Description of the task —
Look through the records below for the line with "#339=DIRECTION('',(0.,0.,1.));". Return that line and each one after it up to and including the line with "#347=FACE_BOUND('',#346,.T.);", exactly.

(Beginning of The records)

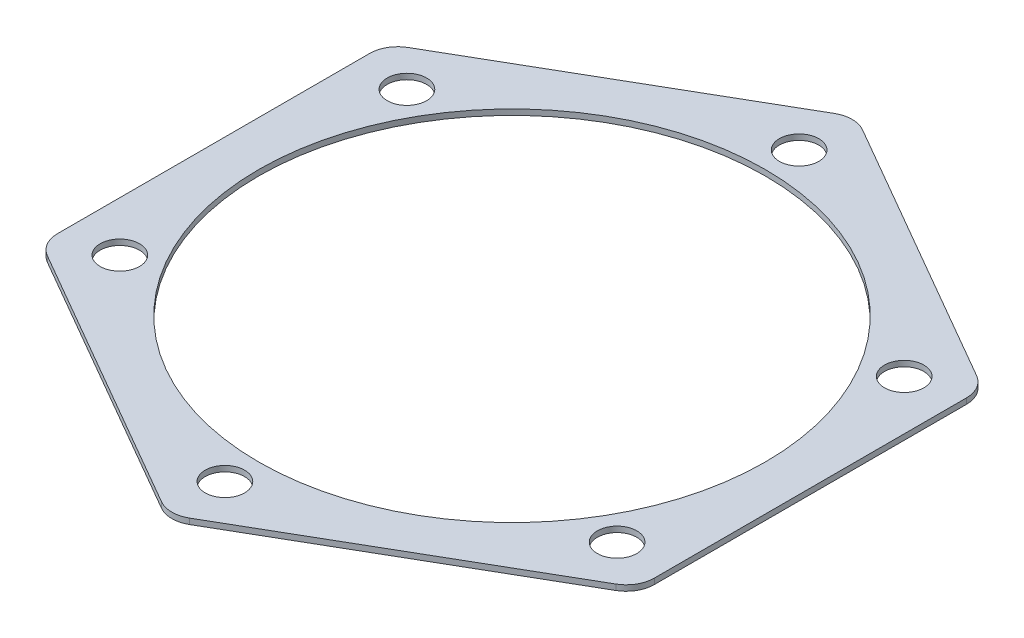
ISO-10303-21;
HEADER;
FILE_DESCRIPTION(('STEP AP214'),'2;1');
FILE_NAME('part.step','',(''),(''),'','','');
FILE_SCHEMA(('AUTOMOTIVE_DESIGN { 1 0 10303 214 1 1 1 1 }'));
ENDSEC;
DATA;
#1=APPLICATION_CONTEXT('core data for automotive mechanical design processes');
#2=APPLICATION_PROTOCOL_DEFINITION('international standard','automotive_design',2000,#1);
#3=PRODUCT_CONTEXT('',#1,'mechanical');
#4=PRODUCT('Part','Part','',(#3));
#5=PRODUCT_RELATED_PRODUCT_CATEGORY('part','',(#4));
#6=PRODUCT_DEFINITION_FORMATION('','',#4);
#7=PRODUCT_DEFINITION_CONTEXT('part definition',#1,'design');
#8=PRODUCT_DEFINITION('design','',#6,#7);
#9=PRODUCT_DEFINITION_SHAPE('','',#8);
#10=(LENGTH_UNIT() NAMED_UNIT(*) SI_UNIT(.MILLI.,.METRE.));
#11=(NAMED_UNIT(*) PLANE_ANGLE_UNIT() SI_UNIT($,.RADIAN.));
#12=(NAMED_UNIT(*) SI_UNIT($,.STERADIAN.) SOLID_ANGLE_UNIT());
#13=UNCERTAINTY_MEASURE_WITH_UNIT(LENGTH_MEASURE(1.E-05),#10,'distance_accuracy_value','');
#14=(GEOMETRIC_REPRESENTATION_CONTEXT(3) GLOBAL_UNCERTAINTY_ASSIGNED_CONTEXT((#13)) GLOBAL_UNIT_ASSIGNED_CONTEXT((#10,
#11,#12)) REPRESENTATION_CONTEXT('',''));
#15=CARTESIAN_POINT('',(0.,0.,0.));
#16=DIRECTION('',(0.,0.,1.));
#17=DIRECTION('',(1.,0.,0.));
#18=AXIS2_PLACEMENT_3D('',#15,#16,#17);
#19=CARTESIAN_POINT('',(0.,1.,-55.4256258422041));
#20=DIRECTION('',(0.,1.,0.));
#21=DIRECTION('',(0.,0.,1.));
#22=AXIS2_PLACEMENT_3D('',#19,#20,#21);
#23=PLANE('',#22);
#24=CARTESIAN_POINT('',(-44.167295593002,1.,25.5000000000025));
#25=DIRECTION('',(0.,1.,0.));
#26=DIRECTION('',(0.,0.,1.));
#27=AXIS2_PLACEMENT_3D('',#24,#25,#26);
#28=CIRCLE('',#27,3.50000000000536);
#29=CARTESIAN_POINT('',(-44.167295593002,1.,29.0000000000079));
#30=VERTEX_POINT('',#29);
#31=EDGE_CURVE('E348',#30,#30,#28,.T.);
#32=ORIENTED_EDGE('',*,*,#31,.F.);
#33=EDGE_LOOP('',(#32));
#34=FACE_BOUND('',#33,.T.);
#35=CARTESIAN_POINT('',(44.1672955930107,1.,25.4999999999975));
#36=DIRECTION('',(0.,1.,0.));
#37=DIRECTION('',(0.,0.,1.));
#38=AXIS2_PLACEMENT_3D('',#35,#36,#37);
#39=CIRCLE('',#38,3.50000000000365);
#40=CARTESIAN_POINT('',(44.1672955930107,1.,29.0000000000011));
#41=VERTEX_POINT('',#40);
#42=EDGE_CURVE('E364',#41,#41,#39,.T.);
#43=ORIENTED_EDGE('',*,*,#42,.F.);
#44=EDGE_LOOP('',(#43));
#45=FACE_BOUND('',#44,.T.);
#46=CARTESIAN_POINT('',(0.,1.,-51.));
#47=DIRECTION('',(0.,1.,0.));
#48=DIRECTION('',(0.,0.,1.));
#49=AXIS2_PLACEMENT_3D('',#46,#47,#48);
#50=CIRCLE('',#49,3.5);
#51=CARTESIAN_POINT('',(0.,1.,-47.5));
#52=VERTEX_POINT('',#51);
#53=EDGE_CURVE('E380',#52,#52,#50,.T.);
#54=ORIENTED_EDGE('',*,*,#53,.F.);
#55=EDGE_LOOP('',(#54));
#56=FACE_BOUND('',#55,.T.);
#57=CARTESIAN_POINT('',(0.,1.,-55.4256258422041));
#58=DIRECTION('',(0.,1.,0.));
#59=DIRECTION('',(0.,0.,1.));
#60=AXIS2_PLACEMENT_3D('',#57,#58,#59);
#61=CIRCLE('',#60,5.);
#62=CARTESIAN_POINT('',(2.50000000000002,1.,-59.7557528611263));
#63=VERTEX_POINT('',#62);
#64=CARTESIAN_POINT('',(-2.50000000000002,1.,-59.7557528611263));
#65=VERTEX_POINT('',#64);
#66=EDGE_CURVE('E204',#63,#65,#61,.T.);
#67=ORIENTED_EDGE('',*,*,#66,.T.);
#68=DIRECTION('',(-0.866025403784438,0.,0.5));
#69=VECTOR('',#68,1.);
#70=CARTESIAN_POINT('',(-2.50000000000002,1.,-59.7557528611263));
#71=LINE('',#70,#69);
#72=CARTESIAN_POINT('',(-50.5,1.,-32.0429399400242));
#73=VERTEX_POINT('',#72);
#74=EDGE_CURVE('E116',#65,#73,#71,.T.);
#75=ORIENTED_EDGE('',*,*,#74,.T.);
#76=CARTESIAN_POINT('',(-48.,1.,-27.712812921102));
#77=DIRECTION('',(0.,1.,0.));
#78=DIRECTION('',(0.,0.,1.));
#79=AXIS2_PLACEMENT_3D('',#76,#77,#78);
#80=CIRCLE('',#79,5.);
#81=CARTESIAN_POINT('',(-53.,1.,-27.712812921102));
#82=VERTEX_POINT('',#81);
#83=EDGE_CURVE('E241',#73,#82,#80,.T.);
#84=ORIENTED_EDGE('',*,*,#83,.T.);
#85=DIRECTION('',(0.,0.,1.));
#86=VECTOR('',#85,1.);
#87=CARTESIAN_POINT('',(-53.,1.,-27.712812921102));
#88=LINE('',#87,#86);
#89=CARTESIAN_POINT('',(-53.,1.,27.712812921102));
#90=VERTEX_POINT('',#89);
#91=EDGE_CURVE('E261',#82,#90,#88,.T.);
#92=ORIENTED_EDGE('',*,*,#91,.T.);
#93=CARTESIAN_POINT('',(-48.,1.,27.7128129211021));
#94=DIRECTION('',(0.,1.,0.));
#95=DIRECTION('',(0.,0.,-1.));
#96=AXIS2_PLACEMENT_3D('',#93,#94,#95);
#97=CIRCLE('',#96,5.);
#98=CARTESIAN_POINT('',(-50.5,1.,32.0429399400243));
#99=VERTEX_POINT('',#98);
#100=EDGE_CURVE('E257',#90,#99,#97,.T.);
#101=ORIENTED_EDGE('',*,*,#100,.T.);
#102=DIRECTION('',(0.866025403784439,0.,0.5));
#103=VECTOR('',#102,1.);
#104=CARTESIAN_POINT('',(-50.5,1.,32.0429399400243));
#105=LINE('',#104,#103);
#106=CARTESIAN_POINT('',(-2.50000000000002,1.,59.7557528611263));
#107=VERTEX_POINT('',#106);
#108=EDGE_CURVE('E260',#99,#107,#105,.T.);
#109=ORIENTED_EDGE('',*,*,#108,.T.);
#110=CARTESIAN_POINT('',(0.,1.,55.4256258422041));
#111=DIRECTION('',(0.,1.,0.));
#112=DIRECTION('',(0.,0.,1.));
#113=AXIS2_PLACEMENT_3D('',#110,#111,#112);
#114=CIRCLE('',#113,5.);
#115=CARTESIAN_POINT('',(2.50000000000003,1.,59.7557528611263));
#116=VERTEX_POINT('',#115);
#117=EDGE_CURVE('E265',#107,#116,#114,.T.);
#118=ORIENTED_EDGE('',*,*,#117,.T.);
#119=DIRECTION('',(0.866025403784438,0.,-0.500000000000001));
#120=VECTOR('',#119,1.);
#121=CARTESIAN_POINT('',(2.50000000000003,1.,59.7557528611263));
#122=LINE('',#121,#120);
#123=CARTESIAN_POINT('',(50.5,1.,32.0429399400242));
#124=VERTEX_POINT('',#123);
#125=EDGE_CURVE('E272',#116,#124,#122,.T.);
#126=ORIENTED_EDGE('',*,*,#125,.T.);
#127=CARTESIAN_POINT('',(48.,1.,27.712812921102));
#128=DIRECTION('',(0.,1.,0.));
#129=DIRECTION('',(0.,0.,1.));
#130=AXIS2_PLACEMENT_3D('',#127,#128,#129);
#131=CIRCLE('',#130,5.);
#132=CARTESIAN_POINT('',(53.,1.,27.712812921102));
#133=VERTEX_POINT('',#132);
#134=EDGE_CURVE('E147',#124,#133,#131,.T.);
#135=ORIENTED_EDGE('',*,*,#134,.T.);
#136=DIRECTION('',(0.,0.,-1.));
#137=VECTOR('',#136,1.);
#138=CARTESIAN_POINT('',(53.,1.,27.712812921102));
#139=LINE('',#138,#137);
#140=CARTESIAN_POINT('',(53.,1.,-27.7128129211021));
#141=VERTEX_POINT('',#140);
#142=EDGE_CURVE('E141',#133,#141,#139,.T.);
#143=ORIENTED_EDGE('',*,*,#142,.T.);
#144=CARTESIAN_POINT('',(48.,1.,-27.7128129211021));
#145=DIRECTION('',(0.,1.,0.));
#146=DIRECTION('',(0.,0.,1.));
#147=AXIS2_PLACEMENT_3D('',#144,#145,#146);
#148=CIRCLE('',#147,5.);
#149=CARTESIAN_POINT('',(50.5,1.,-32.0429399400243));
#150=VERTEX_POINT('',#149);
#151=EDGE_CURVE('E145',#141,#150,#148,.T.);
#152=ORIENTED_EDGE('',*,*,#151,.T.);
#153=DIRECTION('',(-0.866025403784439,0.,-0.5));
#154=VECTOR('',#153,1.);
#155=CARTESIAN_POINT('',(50.5,1.,-32.0429399400243));
#156=LINE('',#155,#154);
#157=EDGE_CURVE('E61',#150,#63,#156,.T.);
#158=ORIENTED_EDGE('',*,*,#157,.T.);
#159=EDGE_LOOP('',(#67,#75,#84,#92,#101,#109,#118,#126,#135,#143,#152,#158));
#160=FACE_BOUND('',#159,.T.);
#161=CARTESIAN_POINT('',(0.,1.,0.));
#162=DIRECTION('',(0.,1.,0.));
#163=DIRECTION('',(0.,0.,1.));
#164=AXIS2_PLACEMENT_3D('',#161,#162,#163);
#165=CIRCLE('',#164,45.);
#166=CARTESIAN_POINT('',(0.,1.,45.));
#167=VERTEX_POINT('',#166);
#168=EDGE_CURVE('E174',#167,#167,#165,.T.);
#169=ORIENTED_EDGE('',*,*,#168,.F.);
#170=EDGE_LOOP('',(#169));
#171=FACE_BOUND('',#170,.T.);
#172=CARTESIAN_POINT('',(44.1672955930078,1.,-25.5000000000025));
#173=DIRECTION('',(0.,1.,0.));
#174=DIRECTION('',(0.,0.,1.));
#175=AXIS2_PLACEMENT_3D('',#172,#173,#174);
#176=CIRCLE('',#175,3.50000000000079);
#177=CARTESIAN_POINT('',(44.1672955930078,1.,-22.0000000000017));
#178=VERTEX_POINT('',#177);
#179=EDGE_CURVE('E372',#178,#178,#176,.T.);
#180=ORIENTED_EDGE('',*,*,#179,.F.);
#181=EDGE_LOOP('',(#180));
#182=FACE_BOUND('',#181,.T.);
#183=CARTESIAN_POINT('',(5.77929162777546E-12,1.,51.));
#184=DIRECTION('',(0.,1.,0.));
#185=DIRECTION('',(0.,0.,1.));
#186=AXIS2_PLACEMENT_3D('',#183,#184,#185);
#187=CIRCLE('',#186,3.50000000000587);
#188=CARTESIAN_POINT('',(5.77929162777546E-12,1.,54.5000000000059));
#189=VERTEX_POINT('',#188);
#190=EDGE_CURVE('E356',#189,#189,#187,.T.);
#191=ORIENTED_EDGE('',*,*,#190,.F.);
#192=EDGE_LOOP('',(#191));
#193=FACE_BOUND('',#192,.T.);
#194=CARTESIAN_POINT('',(-44.1672955930049,1.,-25.4999999999975));
#195=DIRECTION('',(0.,1.,0.));
#196=DIRECTION('',(0.,0.,1.));
#197=AXIS2_PLACEMENT_3D('',#194,#195,#196);
#198=CIRCLE('',#197,3.50000000000272);
#199=CARTESIAN_POINT('',(-44.1672955930049,1.,-21.9999999999947));
#200=VERTEX_POINT('',#199);
#201=EDGE_CURVE('E337',#200,#200,#198,.T.);
#202=ORIENTED_EDGE('',*,*,#201,.F.);
#203=EDGE_LOOP('',(#202));
#204=FACE_BOUND('',#203,.T.);
#205=ADVANCED_FACE('F43',(#34,#45,#56,#160,#171,#182,#193,#204),#23,.T.);
#206=CARTESIAN_POINT('',(0.,0.,-55.4256258422041));
#207=DIRECTION('',(0.,1.,0.));
#208=DIRECTION('',(0.,0.,1.));
#209=AXIS2_PLACEMENT_3D('',#206,#207,#208);
#210=PLANE('',#209);
#211=CARTESIAN_POINT('',(0.,0.,-55.4256258422041));
#212=DIRECTION('',(0.,1.,0.));
#213=DIRECTION('',(0.,0.,1.));
#214=AXIS2_PLACEMENT_3D('',#211,#212,#213);
#215=CIRCLE('',#214,5.);
#216=CARTESIAN_POINT('',(2.50000000000002,0.,-59.7557528611263));
#217=VERTEX_POINT('',#216);
#218=CARTESIAN_POINT('',(-2.50000000000002,0.,-59.7557528611263));
#219=VERTEX_POINT('',#218);
#220=EDGE_CURVE('E169',#217,#219,#215,.T.);
#221=ORIENTED_EDGE('',*,*,#220,.F.);
#222=DIRECTION('',(-0.866025403784439,0.,-0.5));
#223=VECTOR('',#222,1.);
#224=CARTESIAN_POINT('',(50.5,0.,-32.0429399400243));
#225=LINE('',#224,#223);
#226=CARTESIAN_POINT('',(50.5,0.,-32.0429399400243));
#227=VERTEX_POINT('',#226);
#228=EDGE_CURVE('E108',#227,#217,#225,.T.);
#229=ORIENTED_EDGE('',*,*,#228,.F.);
#230=CARTESIAN_POINT('',(48.,0.,-27.7128129211021));
#231=DIRECTION('',(0.,1.,0.));
#232=DIRECTION('',(0.,0.,1.));
#233=AXIS2_PLACEMENT_3D('',#230,#231,#232);
#234=CIRCLE('',#233,5.);
#235=CARTESIAN_POINT('',(53.,0.,-27.7128129211021));
#236=VERTEX_POINT('',#235);
#237=EDGE_CURVE('E102',#236,#227,#234,.T.);
#238=ORIENTED_EDGE('',*,*,#237,.F.);
#239=DIRECTION('',(0.,0.,-1.));
#240=VECTOR('',#239,1.);
#241=CARTESIAN_POINT('',(53.,0.,27.712812921102));
#242=LINE('',#241,#240);
#243=CARTESIAN_POINT('',(53.,0.,27.712812921102));
#244=VERTEX_POINT('',#243);
#245=EDGE_CURVE('E156',#244,#236,#242,.T.);
#246=ORIENTED_EDGE('',*,*,#245,.F.);
#247=CARTESIAN_POINT('',(48.,0.,27.712812921102));
#248=DIRECTION('',(0.,1.,0.));
#249=DIRECTION('',(0.,0.,1.));
#250=AXIS2_PLACEMENT_3D('',#247,#248,#249);
#251=CIRCLE('',#250,5.);
#252=CARTESIAN_POINT('',(50.5,0.,32.0429399400242));
#253=VERTEX_POINT('',#252);
#254=EDGE_CURVE('E195',#253,#244,#251,.T.);
#255=ORIENTED_EDGE('',*,*,#254,.F.);
#256=DIRECTION('',(0.866025403784438,0.,-0.500000000000001));
#257=VECTOR('',#256,1.);
#258=CARTESIAN_POINT('',(2.50000000000003,0.,59.7557528611263));
#259=LINE('',#258,#257);
#260=CARTESIAN_POINT('',(2.50000000000003,0.,59.7557528611263));
#261=VERTEX_POINT('',#260);
#262=EDGE_CURVE('E192',#261,#253,#259,.T.);
#263=ORIENTED_EDGE('',*,*,#262,.F.);
#264=CARTESIAN_POINT('',(0.,0.,55.4256258422041));
#265=DIRECTION('',(0.,1.,0.));
#266=DIRECTION('',(0.,0.,1.));
#267=AXIS2_PLACEMENT_3D('',#264,#265,#266);
#268=CIRCLE('',#267,5.);
#269=CARTESIAN_POINT('',(-2.50000000000002,0.,59.7557528611263));
#270=VERTEX_POINT('',#269);
#271=EDGE_CURVE('E189',#270,#261,#268,.T.);
#272=ORIENTED_EDGE('',*,*,#271,.F.);
#273=DIRECTION('',(0.866025403784439,0.,0.5));
#274=VECTOR('',#273,1.);
#275=CARTESIAN_POINT('',(-50.5,0.,32.0429399400243));
#276=LINE('',#275,#274);
#277=CARTESIAN_POINT('',(-50.5,0.,32.0429399400243));
#278=VERTEX_POINT('',#277);
#279=EDGE_CURVE('E186',#278,#270,#276,.T.);
#280=ORIENTED_EDGE('',*,*,#279,.F.);
#281=CARTESIAN_POINT('',(-48.,0.,27.7128129211021));
#282=DIRECTION('',(0.,1.,0.));
#283=DIRECTION('',(0.,0.,-1.));
#284=AXIS2_PLACEMENT_3D('',#281,#282,#283);
#285=CIRCLE('',#284,5.);
#286=CARTESIAN_POINT('',(-53.,0.,27.712812921102));
#287=VERTEX_POINT('',#286);
#288=EDGE_CURVE('E183',#287,#278,#285,.T.);
#289=ORIENTED_EDGE('',*,*,#288,.F.);
#290=DIRECTION('',(0.,0.,1.));
#291=VECTOR('',#290,1.);
#292=CARTESIAN_POINT('',(-53.,0.,-27.712812921102));
#293=LINE('',#292,#291);
#294=CARTESIAN_POINT('',(-53.,0.,-27.712812921102));
#295=VERTEX_POINT('',#294);
#296=EDGE_CURVE('E180',#295,#287,#293,.T.);
#297=ORIENTED_EDGE('',*,*,#296,.F.);
#298=CARTESIAN_POINT('',(-48.,0.,-27.712812921102));
#299=DIRECTION('',(0.,1.,0.));
#300=DIRECTION('',(0.,0.,1.));
#301=AXIS2_PLACEMENT_3D('',#298,#299,#300);
#302=CIRCLE('',#301,5.);
#303=CARTESIAN_POINT('',(-50.5,0.,-32.0429399400242));
#304=VERTEX_POINT('',#303);
#305=EDGE_CURVE('E177',#304,#295,#302,.T.);
#306=ORIENTED_EDGE('',*,*,#305,.F.);
#307=DIRECTION('',(-0.866025403784438,0.,0.5));
#308=VECTOR('',#307,1.);
#309=CARTESIAN_POINT('',(-2.50000000000002,0.,-59.7557528611263));
#310=LINE('',#309,#308);
#311=EDGE_CURVE('E173',#219,#304,#310,.T.);
#312=ORIENTED_EDGE('',*,*,#311,.F.);
#313=EDGE_LOOP('',(#221,#229,#238,#246,#255,#263,#272,#280,#289,#297,#306,#312));
#314=FACE_BOUND('',#313,.T.);
#315=CARTESIAN_POINT('',(0.,0.,0.));
#316=DIRECTION('',(0.,1.,0.));
#317=DIRECTION('',(0.,0.,1.));
#318=AXIS2_PLACEMENT_3D('',#315,#316,#317);
#319=CIRCLE('',#318,45.);
#320=CARTESIAN_POINT('',(0.,0.,45.));
#321=VERTEX_POINT('',#320);
#322=EDGE_CURVE('E384',#321,#321,#319,.T.);
#323=ORIENTED_EDGE('',*,*,#322,.T.);
#324=EDGE_LOOP('',(#323));
#325=FACE_BOUND('',#324,.T.);
#326=CARTESIAN_POINT('',(0.,0.,-51.));
#327=DIRECTION('',(0.,1.,0.));
#328=DIRECTION('',(0.,0.,1.));
#329=AXIS2_PLACEMENT_3D('',#326,#327,#328);
#330=CIRCLE('',#329,3.5);
#331=CARTESIAN_POINT('',(0.,0.,-47.5));
#332=VERTEX_POINT('',#331);
#333=EDGE_CURVE('E376',#332,#332,#330,.T.);
#334=ORIENTED_EDGE('',*,*,#333,.T.);
#335=EDGE_LOOP('',(#334));
#336=FACE_BOUND('',#335,.T.);
#337=CARTESIAN_POINT('',(44.1672955930078,0.,-25.5000000000025));
#338=DIRECTION('',(0.,1.,0.));
#339=DIRECTION('',(0.,0.,1.));
#340=AXIS2_PLACEMENT_3D('',#337,#338,#339);
#341=CIRCLE('',#340,3.50000000000079);
#342=CARTESIAN_POINT('',(44.1672955930078,0.,-22.0000000000017));
#343=VERTEX_POINT('',#342);
#344=EDGE_CURVE('E368',#343,#343,#341,.T.);
#345=ORIENTED_EDGE('',*,*,#344,.T.);
#346=EDGE_LOOP('',(#345));
#347=FACE_BOUND('',#346,.T.);
#348=CARTESIAN_POINT('',(44.1672955930107,0.,25.4999999999975));
#349=DIRECTION('',(0.,1.,0.));
#350=DIRECTION('',(0.,0.,1.));
#351=AXIS2_PLACEMENT_3D('',#348,#349,#350);
#352=CIRCLE('',#351,3.50000000000365);
#353=CARTESIAN_POINT('',(44.1672955930107,0.,29.0000000000011));
#354=VERTEX_POINT('',#353);
#355=EDGE_CURVE('E360',#354,#354,#352,.T.);
#356=ORIENTED_EDGE('',*,*,#355,.T.);
#357=EDGE_LOOP('',(#356));
#358=FACE_BOUND('',#357,.T.);
#359=CARTESIAN_POINT('',(5.77929162777546E-12,0.,51.));
#360=DIRECTION('',(0.,1.,0.));
#361=DIRECTION('',(0.,0.,1.));
#362=AXIS2_PLACEMENT_3D('',#359,#360,#361);
#363=CIRCLE('',#362,3.50000000000587);
#364=CARTESIAN_POINT('',(5.77929162777546E-12,0.,54.5000000000059));
#365=VERTEX_POINT('',#364);
#366=EDGE_CURVE('E352',#365,#365,#363,.T.);
#367=ORIENTED_EDGE('',*,*,#366,.T.);
#368=EDGE_LOOP('',(#367));
#369=FACE_BOUND('',#368,.T.);
#370=CARTESIAN_POINT('',(-44.167295593002,0.,25.5000000000025));
#371=DIRECTION('',(0.,1.,0.));
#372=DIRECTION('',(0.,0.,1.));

(End of The records)

Your solution —
#339=DIRECTION('',(0.,0.,1.));
#340=AXIS2_PLACEMENT_3D('',#337,#338,#339);
#341=CIRCLE('',#340,3.50000000000079);
#342=CARTESIAN_POINT('',(44.1672955930078,0.,-22.0000000000017));
#343=VERTEX_POINT('',#342);
#344=EDGE_CURVE('E368',#343,#343,#341,.T.);
#345=ORIENTED_EDGE('',*,*,#344,.T.);
#346=EDGE_LOOP('',(#345));
#347=FACE_BOUND('',#346,.T.);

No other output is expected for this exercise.